With the seemingly endless opportunities to hear and discuss proposed legislation, how on earth do we end up with so many bad laws on the books?

David Kahne and Beanie Adolph join us On The Commons this week.  David is among a handful of attorneys who has and will represent homeowners in  HOAs.  Although she has never lived in an association controlled development, Beanie is a tireless advocate for preserving individual and private property rights.  She is the Director of the HOA Reform Coalition of Texas.  She also provides a page where homeowners can share their HOA problems because, as she explains, “… there is no state agency where homeowners can register their problems”.  David and Beanie give us a rundown of some of the bills the Texas legislature had in front of them.  We also learn that the legislators did not want to hear from the homeowners so David went to Austin to represent the Coalition and Texas homeowners.  Tune in for a run down on the bills, what they would have done, which ones passed and which ones were killed, at least for this year.


11 thoughts on “David Kahne and Beanie Adolph”

  1. DAVID KAHNE: [ 23:12 ] “I’m not saying that every dispute in a subdivision is wrong. Sometimes, there are people who allow their houses to become crack houses. Or become sufficiently dilapidated that it’s dangerous if children play in them. It’s at least possible to imagine such circumstances, and they come up.” [ 23:34 ]

    I’m so disappointed, because this episode is another illustration of what is so wrong with whatever passes for an H.O.A. reform movement. I’ll probably write a couple of comments on this over the next few days as time permits. As Shu is aware, it’s something I complain about a lot.

    For example, “our side” accepts the legitimacy of the idea that H.O.A. corporations should have the authority to dictate what home owners are allowed to do on their property. David is a lot smarter than I am, and he’s been at this a lot longer than I have. He’s done a hell of a lot more good than I ever will. But even though he knows better, he falls into the common trap of conflating H.O.A.s — which are corporations — with C.C.& R.s — which are the “neighborhood rules”. Shu had just cited an example of an H.O.A. corporation that had lost its power to enforce the neighborhood rules.

    Instead of trying to tweak the dispute resolution process between H.O.A. corporations and home owners — as David thinks we should — we should be working to eliminate the perverse incentives and moral hazards for H.O.A. corporations to engage in the most destructive and expensive of litigation against home owners.

    One way to do to do this is to remove an H.O.A. corporation’s ability to enforce covenants and fine home owners.

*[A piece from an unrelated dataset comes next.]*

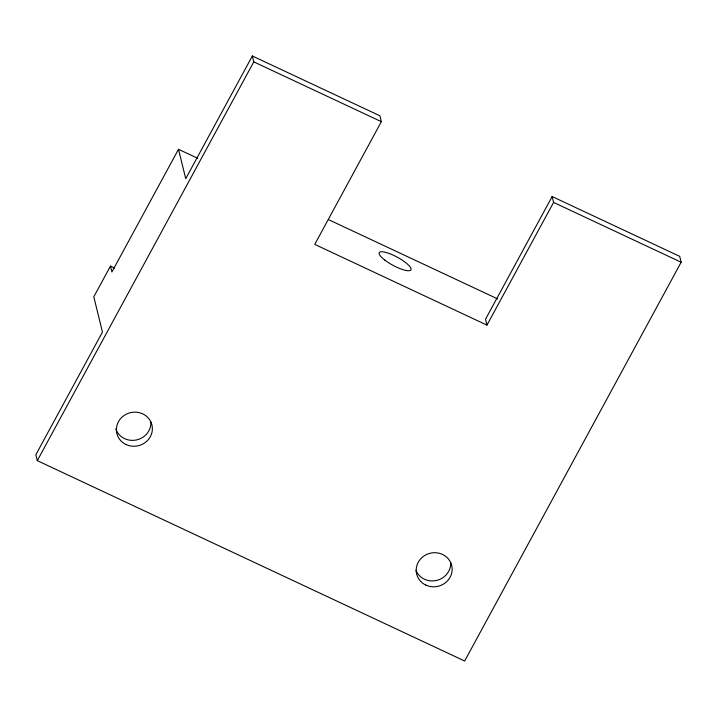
<?xml version="1.0" encoding="UTF-8"?>
<svg xmlns="http://www.w3.org/2000/svg" width="717" height="717" viewBox="0 0 717 717"><rect width="100%" height="100%" fill="white"/><g stroke="black" fill="none" stroke-linecap="round" stroke-linejoin="round"><path stroke-width="1.08" d="M114.505 268.015L110.454 266.115L93.802 296.793L102.459 332.07L35.85 454.766L37.293 460.646L464.661 661.011L681.15 262.234L679.707 256.354L552.135 196.539L485.526 319.244L486.968 325.124L314.745 244.38L381.354 121.675L379.911 115.795L252.339 55.989L185.73 178.685L178.506 149.297L197.758 158.323M178.506 149.297L111.897 271.994L110.454 266.115M37.293 460.646L253.782 61.868L252.339 55.989M486.968 325.124L553.578 202.418L552.135 196.539M253.782 61.868L381.354 121.675M553.578 202.418L681.15 262.234M328.485 219.608L497.715 298.944M150.92 422.125A18.05 17.002 -13.8 0 1 136.042 440.041A18.05 17.002 -13.8 0 1 115.778 428.883M450.706 562.684A18.05 17.002 -13.8 0 1 436.411 580.474A18.05 17.002 -13.8 0 1 415.959 570.472M384.823 260.101A18.05 4.598 28.5 0 0 410.859 269.977A18.05 4.598 28.5 0 0 389.555 253.621A18.05 4.598 28.5 0 0 384.823 260.101M425.853 585.09A18.05 17.002 -13.8 0 0 452.149 568.563A18.05 17.002 -13.8 0 0 424.536 555.612A18.05 17.002 -13.8 0 0 425.853 585.09M126.058 444.54A18.05 17.002 -13.8 0 0 152.363 428.004A18.05 17.002 -13.8 0 0 124.74 415.062A18.05 17.002 -13.8 0 0 126.058 444.54"/></g></svg>

And I don’t mean “regulate fines” or “set threshold for fines” or “set limits for fines” or the usual “not withstanding the provisions of…” crap. The ability of an H.O.A. corporation to fine a home owner for alleged breaches of contract should be void by law. Period. No “ifs” “ands” or “buts”. End of discussion. And that ban should be non-waiveable.

    And making this happen should be a top priority for whatever it is that passes for an H.O.A. reform movement, instead of expending scarce political capital on lobbying for rules about propane and reading documents and whatever the other thing was.

    This may come as a shock to a lot of Americans — especially our policy makers, and even some listeners of this show — but it is quite possible to have and enforce restrictive covenants without an H.O.A. corporation enforcing them.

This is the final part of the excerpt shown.